Long-term risk of anaemia after bariatric surgery: results from the Swedish Obese Subjects study
RCT (n=5335;Sweden) found that compared with controls (13 cases/1000 person-years), incidence of anaemia was higher in gastric bypass group (64/1000;HR 5.05, 95% CI 3.94–6.48), vertical-banded gastroplasty (23/1000; 2.25–3.18), and gastric banding group (26/1000; 2.76, 2.15–3.52)
Source:
The Lancet Diabetes & Endocrinology
SPS commentary:
A commentary notes that although micronutrient supplementation is recommended after surgery, recommendations vary, and the evidence base for optimal supplementation is underdeveloped.
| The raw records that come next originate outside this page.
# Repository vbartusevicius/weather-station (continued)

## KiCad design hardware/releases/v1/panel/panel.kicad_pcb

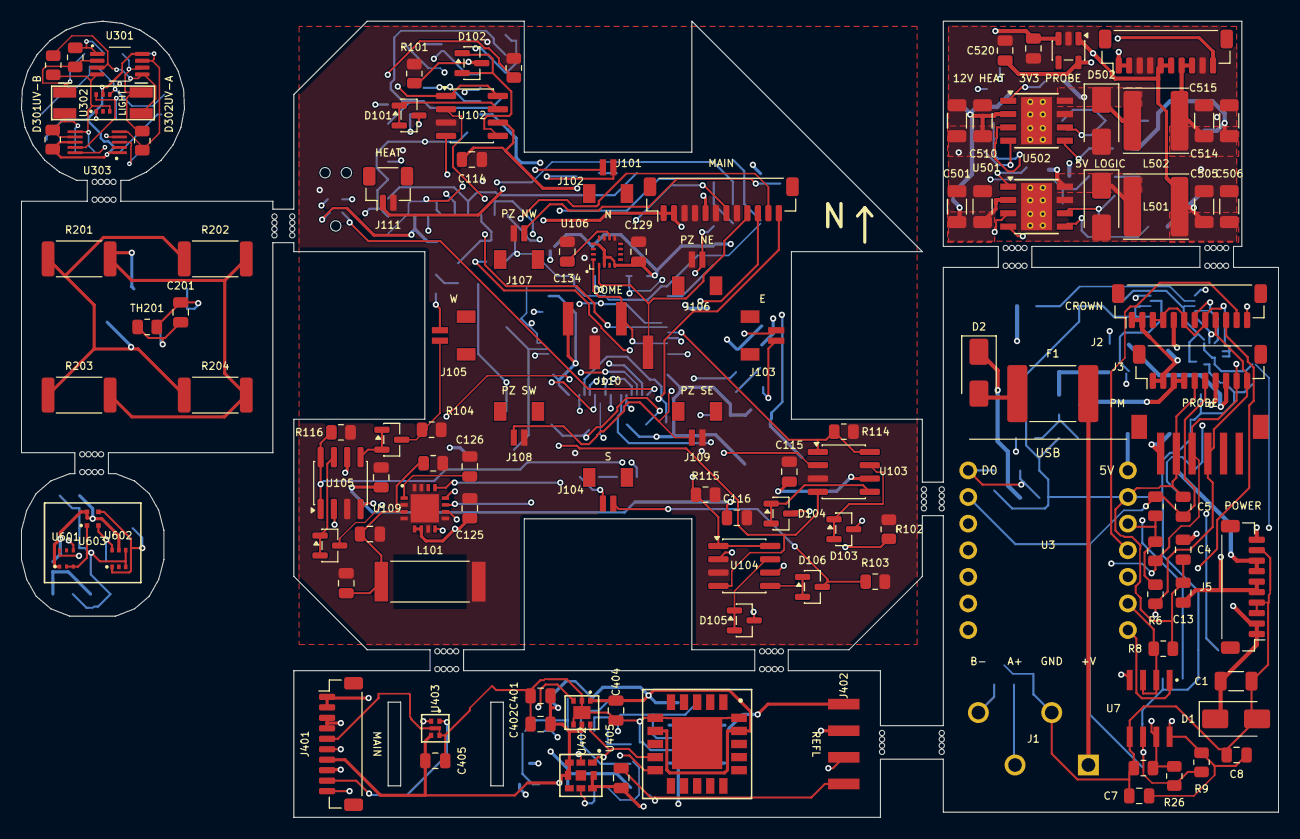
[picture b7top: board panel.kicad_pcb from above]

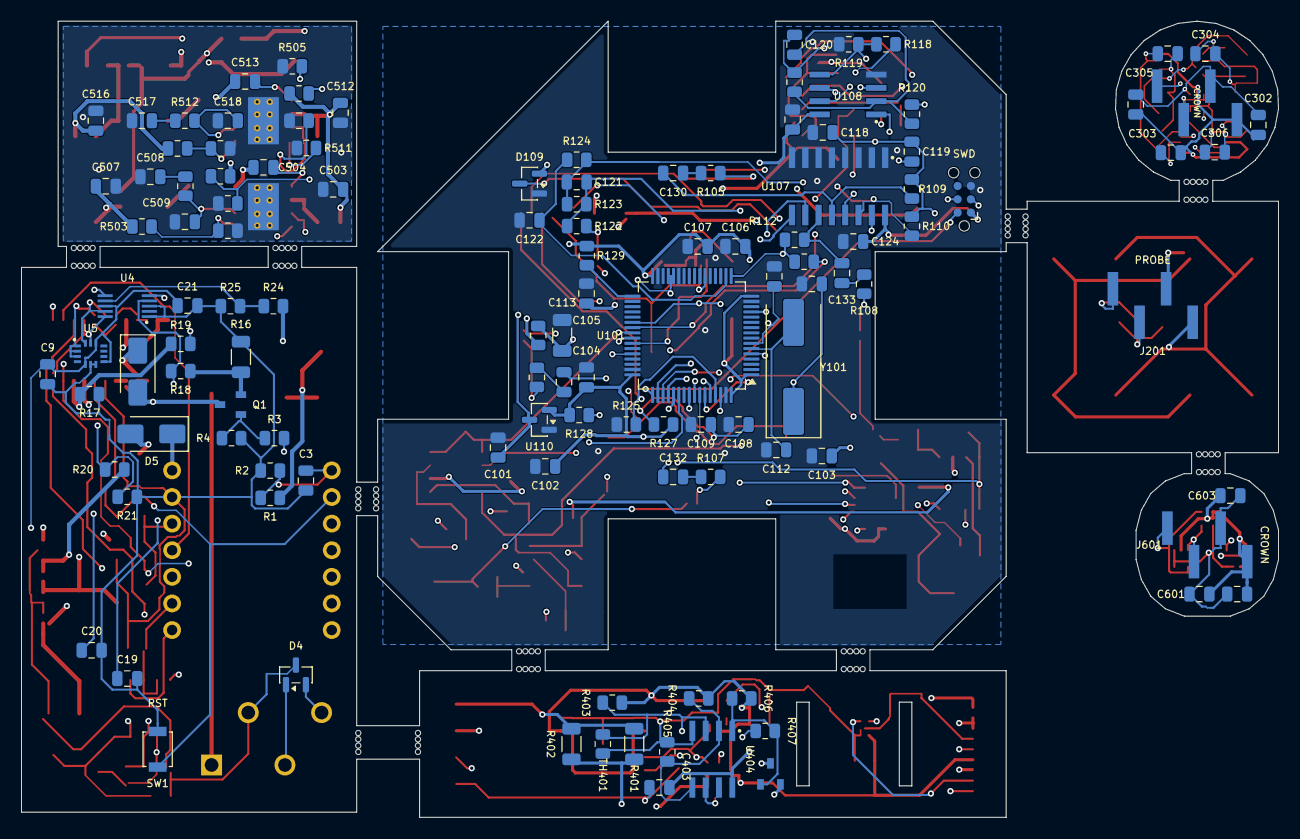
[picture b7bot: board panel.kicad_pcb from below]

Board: 4 copper layers, 120.0 x 76.0 mm, 236 parts (120 on the bottom side), 144 nets.

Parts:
C1, C501, C502, C510, C511: 2u2 100V; C_1206_3216Metric
C3, C5, C7, C8, C9, C21, C103, C104, C105, C106, C109, C110, C119, C123, C124, C129, C201, C301, C302, C303, C402, C403, C404, C405, C406, C504, C507, C513, C516, C601, C602: 100n 50V; C_0805_2012Metric
C4, C13, C102, C107, C134, C401, C520: 10u 10V; C_0805_2012Metric
C19, C20, C101, C108, C114, C115, C116, C117, C118, C125, C126, C306, C519, C603: 1u 50V; C_0805_2012Metric
C111, C112: 33p C0G 50V; C_0805_2012Metric
C113, C514, C515: 22u 25V; C_1206_3216Metric
C120: 220p C0G 50V; C_0805_2012Metric
C121, C305: 22n 50V; C_0805_2012Metric
C122: 1n 50V; C_0805_2012Metric
C127, C128: 470p C0G 50V; C_0805_2012Metric
C130, C131, C132, C133, C304: 10n 50V; C_0805_2012Metric
C503, C512: 100n 100V; C_0805_2012Metric
C505, C506: 47u 10V; C_1206_3216Metric
C508: 33n 50V; C_0805_2012Metric
C509, C518: 68p C0G 50V; C_0805_2012Metric
C517: 18n 50V; C_0805_2012Metric
D1: SMAJ36A; D_SMA
D2, D3: SS16; D_SMA
D4: PSM712; SOT-23
D5: SS14; D_SMA
D101, D102, D103, D104, D105, D106, D107, D108, D109: BAV99; SOT-23
D301: GUVB-C21SD; Genicom_COB2418
D302: GUVA-C22SD; Genicom_COB2418
D501, D502: B360A; D_SMA
F1: 1.1A; Fuse_2920_7451Metric
J1: 12-32V + RS485; TerminalBlock_Kefa_KF250-3.5-4P
J2: Crown board; JST_SH_BM12B-SRSS-TB_1x12-1MP_P1.00mm_Vertical
J3: Probe board; JST_SH_BM10B-SRSS-TB_1x10-1MP_P1.00mm_Vertical
J4: PMSA003I PM; JST_B6B-ZR-SM4-TF
J5: Power board; JST_SH_BM10B-SRSS-TB_1x10-1MP_P1.00mm_Vertical
J101: Main board; JST_SH_BM12B-SRSS-TB_1x12-1MP_P1.00mm_Vertical
J102: XD_N; JST_BM02B-SRSS-TB
J103: XD_E; JST_BM02B-SRSS-TB
J104: XD_S; JST_BM02B-SRSS-TB
J105: XD_W; JST_BM02B-SRSS-TB
J106: PIEZO_NE; JST_BM02B-SRSS-TB
J107: PIEZO_NW; JST_BM02B-SRSS-TB
J108: PIEZO_SW; JST_BM02B-SRSS-TB
J109: PIEZO_SE; JST_BM02B-SRSS-TB
J110: DOME_SOCKET; HX_PZ2.54-1x4P-SMD
J111: AUX 12V_HEAT; JST_SH_BM02B-SRSS-TB_1x02-1MP_P1.00mm_Vertical
J112: SWD; Tag-Connect_TC2030-IDC-NL_2x03_P1.27mm_Vertical
J201: Probe T-Header SMD; HX_PZ2.54-1x4P-SMD
J301, J601: CROWN_RISER; HX_PZ2.54-1x4P-SMD
J401, J501: Main board; JST_SH_BM10B-SRSS-TB_1x10-1MP_P1.00mm_Vertical
J402: Reflector T-Socket SMD; HX_PM2.54-1x4P-RA-SMD
L101: 100uH; AS3935_Antenna_MA5532_SDTR1103
L501: 8.2uH; L_Sunlord_SWPA6045S
L502: 22uH; L_Sunlord_SWPA6045S
MOUSE_BITES: DNP
Q1, Q401: AO3400A; AOS_AO3400A_SOT-23
R1, R4, R303: 100k; R_0805_2012Metric
R2, R7, R8, R21, R24, R25, R118, R119, R125, R126, R128, R129, R304, R403, R404, R406, R510: 10k; R_0805_2012Metric
R3, R101, R102, R103, R104: 330R; R_0805_2012Metric
R5, R6, R113, R114, R115, R116: 2k2; R_0805_2012Metric
R9, R10: 390R; R_0805_2012Metric
R16: 0R1; R_1206_3216Metric
R17: 1R; R_0805_2012Metric
R18, R19, R120, R122: 1k; R_0805_2012Metric
R20: 30k; R_0805_2012Metric
R26: 120R; R_0805_2012Metric
R105, R106, R107, R108, R405: 47k; R_0805_2012Metric
R109, R110, R111, R112: 1M; R_0805_2012Metric
R117, R127: 10R; R_0805_2012Metric
R121: 6k8; R_0805_2012Metric
R123, R302: 4M7; R_0805_2012Metric
R124: 22k; R_0805_2012Metric
R201, R202, R203, R204: 120R; R_2512_6332Metric
R301: 10M; R_0805_2012Metric
R401, R402: 680R; R_1206_3216Metric
R407: 470k; R_0805_2012Metric
R501, R507: 511k; R_0805_2012Metric
R502, R508: 82k5; R_0805_2012Metric
R503: 53k6; R_0805_2012Metric
R504: 10k2; R_0805_2012Metric
R505, R511: 130k; R_0805_2012Metric
R506, R512: 6k49; R_0805_2012Metric
R509: 140k; R_0805_2012Metric
SW1: SERVICE; SW_SPST_B3U-1000P
TH201, TH401: 10k NTC; R_0805_2012Metric
U3: XIAO ESP32C6; XIAO_ESP32C6_Header
U4, U303: ADS1115IDGSR; TI_ADS1115_VSSOP-10
U5: LSM6DS3TR-C; ST_LSM6DS3TR-C_LGA-14
U7: SP3485EN-L/TR; ON_LM393DR2G_SOIC-8
U101: STM32G431RBT6; LQFP-64_10x10mm_P0.5mm
U102, U103, U104, U105: UCC27524ADR; SOIC-8_3.9x4.9mm_P1.27mm
U106: MMC5983MA; MEMSIC_MMC5983MA_LGA-16
U107: 74HC4052D; TI_CD4052BM96_SOIC-16
U108: TLV9062IDR; TI_TLV9062IDR_SOIC-8
U109: AS3935-BQFT; ScioSense_AS3935_QFN-16
U110: XC6206P332MR; SOT-23
U301: TLV9062IDGKR; TI_TLV9062_VSSOP-8
U302, U602: TSL25911FN; AMS_TSL25911FN
U401: SCD41-D-R2; Sensirion_SCD41_LGA-20
U402: SGP41-D-R4; Sensirion_SGP41_DFN-6
U403: SHT40-AD1F-R2; Sensirion_SHT45_DFN-4
U404: LM2903DR2G; ON_LM393DR2G_SOIC-8
U405: BMP585; Bosch_BMP585_LGA-9
U501, U502: TPS54360DDAR; TI_SO-PowerPAD-8_ThermalVias
U503: AP2112K-3.3; SOT-23-5
U601: LTR-390UV-01; LiteOn_LTR-390UV-01
U603: GUVB-C31SM; GenUV_GUVB-C31SM
Y101: 8MHz; Crystal_SMD_HC49-SD

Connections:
+3V3: C7.1, C8.1, C9.1, C21.1, R5.1, R6.1, R7.1, R9.1, U3.12, U4.8, U5.5, U5.8, U5.12, U7.8
+3V3_PROBE: J3.7, J5.10
+5V: C13.1, D5.2, J2.5, J4.1, J5.5, J5.6, R24.1
+5V_XIAO: C4.1, D5.1, U3.14
+12V_HEAT: D3.1, J2.1, J2.2, J3.1, J3.2, J5.7, J5.8, R20.1
CO2_HEAT_RTN: J3.8, R17.1, R19.1
CROWN_+3V3: C102.1, C103.1, C104.1, C105.1, C106.1, C107.1, C123.1, C124.1, C125.1, C129.1, D109.2, J110.1, J112.1, R127.1, R128.2, R129.2, U101.1, U101.16, U101.32, U101.48, U101.64, U106.2, U106.4, U106.13, U107.16, U108.8, U109.5, U109.6, U110.2
CROWN_+3V3A: C108.1, C109.1, R118.1, R127.2, U101.28, U101.29
CROWN_+5V: C101.1, J101.5, U110.3
CROWN_+12V_HEAT: J101.1, J101.2, J111.1, R117.1
CROWN_AS_ACG: C126.1, U109.1
CROWN_AS_CS: U101.51, U109.8
CROWN_AS_INP: C127.1, C128.1, L101.1, R126.1, U109.3
CROWN_AS_IRQ: U101.62, U109.10
CROWN_AS_MISO: U101.57, U109.12
CROWN_AS_MOSI: U101.58, U109.13
CROWN_AS_SCK: U101.56, U109.11
CROWN_BL_PA10: R128.1, U101.44
CROWN_BL_PB12: R129.1, U101.33
CROWN_BOOT0: J2.12, U3.3
CROWN_CROWN_BOOT0: J101.12, R125.1, U101.61
CROWN_CROWN_IRQ: J101.10, U101.54
CROWN_CROWN_NRST: C110.1, J101.11, J112.3, U101.7
CROWN_GND: C101.2, C102.2, C103.2, C104.2, C105.2, C106.2, C107.2, C108.2, C109.2, C110.2, C111.2, C112.2, C113.2, C114.2, C115.2, C116.2, C117.2, C118.2, C122.2, C123.2, C124.2, C125.2, C126.2, C127.2, C128.2, C129.2, C134.2, D109.1, J101.3, J101.4, J101.6, J101.8, J106.2, J107.2, J108.2, J109.2, J110.2, J111.2, J112.5, L101.2, R101.2, R102.2, R103.2, R104.2, R113.2, R114.2, R115.2, R116.2, R119.2, R125.2, R126.2, U101.15, U101.27, U101.31, U101.47, U101.63, U102.3, U103.3, U104.3, U105.3, U106.9, U106.11, U107.1, U107.2, U107.3, U107.4, U107.5, U107.6, U107.7, U107.8, U108.4, U109.2, U109.4, U109.7, U109.9, U109.15, U109.16, U109.17, U110.1
CROWN_I2C_SCL: J101.9, J110.4, U101.22, U106.1
CROWN_I2C_SDA: J101.7, J110.3, U101.42, U106.16
CROWN_IRQ: J2.10, U3.10
CROWN_MAG_CAP: C134.1, U106.10
CROWN_MUX_S0: U101.59, U107.10
CROWN_MUX_S1: U101.60, U107.9
CROWN_NRST: J2.11, U3.11
CROWN_PIEZO_IN: D109.3, J106.1, J107.1, J108.1, J109.1, R122.1
CROWN_PIEZO_INV: C121.1, R122.2, R123.1, U108.6
CROWN_PIEZO_OUT: C121.2, R123.2, R124.1, U108.7
CROWN_RAIN_ADC: C122.1, R124.2, U101.18
CROWN_SWCLK: J112.4, U101.50
CROWN_SWDIO: J112.2, U101.49
CROWN_TX_N: U101.52, U102.4, U103.4, U104.4, U105.4
CROWN_TX_P: U101.38, U102.2, U103.2, U104.2, U105.2
CROWN_US_AMP_FB: C120.1, R120.1, R121.1, U108.2
CROWN_US_AMP_G: C119.1, R120.2
CROWN_US_AMP_OUT: C120.2, R121.2, U101.13, U108.1
CROWN_US_RX_MUX: U107.13, U108.3
CROWN_US_VREF: C118.1, C119.2, R109.2, R110.2, R111.2, R112.2, R118.2, R119.1, U101.17, U108.5
CROWN_VDRV: C113.1, C114.1, C115.1, C116.1, C117.1, R117.2, U102.6, U103.6, U104.6, U105.6
CROWN_XD_EN_E: R114.1, U101.40, U103.1, U103.8
CROWN_XD_EN_N: R113.1, U101.39, U102.1, U102.8
CROWN_XD_EN_S: R115.1, U101.41, U104.1, U104.8
CROWN_XD_EN_W: R116.1, U101.53, U105.1, U105.8
CROWN_XD_E_A: D103.3, J103.1, R106.1
CROWN_XD_E_B: D104.3, J103.2, R102.1
CROWN_XD_E_OUT_A: D103.1, D103.2, U103.7
CROWN_XD_E_OUT_B: D104.1, D104.2, U103.5
CROWN_XD_E_RX: C131.2, R110.1, U107.14
CROWN_XD_E_RXC: C131.1, R106.2
CROWN_XD_N_A: D101.3, J102.1, R105.1
CROWN_XD_N_B: D102.3, J102.2, R101.1
CROWN_XD_N_OUT_A: D101.1, D101.2, U102.7
CROWN_XD_N_OUT_B: D102.1, D102.2, U102.5
CROWN_XD_N_RX: C130.2, R109.1, U107.12
CROWN_XD_N_RXC: C130.1, R105.2
CROWN_XD_S_A: D105.3, J104.1, R107.1
CROWN_XD_S_B: D106.3, J104.2, R103.1
CROWN_XD_S_OUT_A: D105.1, D105.2, U104.7
CROWN_XD_S_OUT_B: D106.1, D106.2, U104.5
CROWN_XD_S_RX: C132.2, R111.1, U107.15
CROWN_XD_S_RXC: C132.1, R107.2
CROWN_XD_W_A: D107.3, J105.1, R108.1
CROWN_XD_W_B: D108.3, J105.2, R104.1
CROWN_XD_W_OUT_A: D107.1, D107.2, U105.7
CROWN_XD_W_OUT_B: D108.1, D108.2, U105.5
CROWN_XD_W_RX: C133.2, R112.1, U107.11
CROWN_XD_W_RXC: C133.1, R108.2
CROWN_XTAL_IN: C111.1, U101.5, Y101.1
CROWN_XTAL_OUT: C112.1, U101.6, Y101.2
DOME_+3V3: C301.1, C302.1, C303.1, J301.1, R303.1, U301.8, U302.5, U303.1, U303.8
DOME_GND: C301.2, C302.2, C303.2, C306.2, J301.2, R304.2, U301.4, U302.3, U302.4, U303.3, U303.6
DOME_I2C_SCL: J301.4, U302.1, U303.10
DOME_I2C_SDA: J301.3, U302.6, U303.9
DOME_LEGACY_+3V3: C601.1, C602.1, C603.1, J601.1, U601.1, U602.5, U603.4
DOME_LEGACY_GND: C601.2, C602.2, C603.2, J601.2, U601.2, U601.3, U602.3, U602.4, U603.1
DOME_LEGACY_I2C_SCL: J601.4, U601.4, U602.1, U603.3
DOME_LEGACY_I2C_SDA: J601.3, U601.6, U602.6, U603.2
DOME_UVA_IN: C305.1, D302.2, R302.1, U301.6
DOME_UVA_OUT: C305.2, R302.2, U301.7, U303.5
DOME_UVB_IN: C304.1, D301.2, R301.1, U301.2
DOME_UVB_OUT: C304.2, R301.2, U301.1, U303.4
DOME_UV_VB: C306.1, D301.1, D302.1, R303.2, R304.1, U301.3, U301.5, U303.7
GND: C1.2, C3.2, C4.2, C5.2, C7.2, C8.2, C9.2, C13.2, C19.2, C20.2, C21.2, D1.2, D4.3, J1.2, J2.3, J2.4, J2.6, J2.8, J3.5, J4.2, J5.3, J5.4, J5.9, R2.2, R4.2, R8.2, R10.2, R16.2, R17.2, R21.2, R25.2, SW1.2, U3.13, U4.1, U4.3, U5.1, U5.2, U5.3, U5.6, U5.7, U7.5
HEAT_GATE: Q1.1, R3.2, R4.1
HEAT_PWM: R3.1, U3.4
HEAT_SENSE: Q1.2, R16.1, R18.1
HEAT_SW: D3.2, J3.3, J3.4, Q1.3
I2C_SCL: J2.9, J3.10, J4.4, R6.2, U3.6, U4.10, U5.13
I2C_SDA: J2.7, J3.9, J4.3, R5.2, U3.5, U4.9, U5.14
MON_5V: R20.2, R21.1, U4.6
MON_5V_LOGIC: R24.2, R25.1, U4.7
MON_PROBE: C20.1, R19.2, U4.5
MON_REFL: C19.1, R18.2, U4.4
NTC_SENSE: C5.1, J3.6, R7.2, SW1.1, U3.2
POWER_+3V3_PROBE: C520.1, J501.10, U503.5
POWER_+5V: C505.1, C506.1, C507.1, C519.1, J501.5, J501.6, L501.2, R503.1, U503.1, U503.3
POWER_+12V_HEAT: C514.1, C515.1, C516.1, J501.7, J501.8, L502.2, R509.1
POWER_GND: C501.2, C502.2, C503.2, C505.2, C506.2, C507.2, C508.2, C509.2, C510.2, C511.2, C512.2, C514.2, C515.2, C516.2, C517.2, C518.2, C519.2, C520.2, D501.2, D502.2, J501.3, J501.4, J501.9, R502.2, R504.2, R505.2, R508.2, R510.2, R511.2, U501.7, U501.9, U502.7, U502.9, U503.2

It adds that a balance between supplement burden and benefit, in terms of preventing deficiencies and complications, is difficult to find without a better evidence base. Furthermore, anecdotally, many people find that the costs of supplementation (including iron supplementation), or the side-effects of supplementation (e.g. constipation), are considerable deterrents to ongoing use. It suggests that in the absence of good data from RCTs on optimal postoperative micronutrient supplementation, local guidelines should be applied, though in the current study, most people were not on iron supplementation by the end of the follow-up period, but many of them did not develop anaemia despite not taking supplements. It acknowledges that currently, it is not possible to individualise care with respect to micronutrient supplementation so for now, the prudent approach is to apply local guidelines and a case can be made for a supervised trial withdrawal of supplementation if haematological and haematinic indices are normal but continuing to monitor micronutrient indices, and reinstating supplementation if these indices deteriorate, is crucial.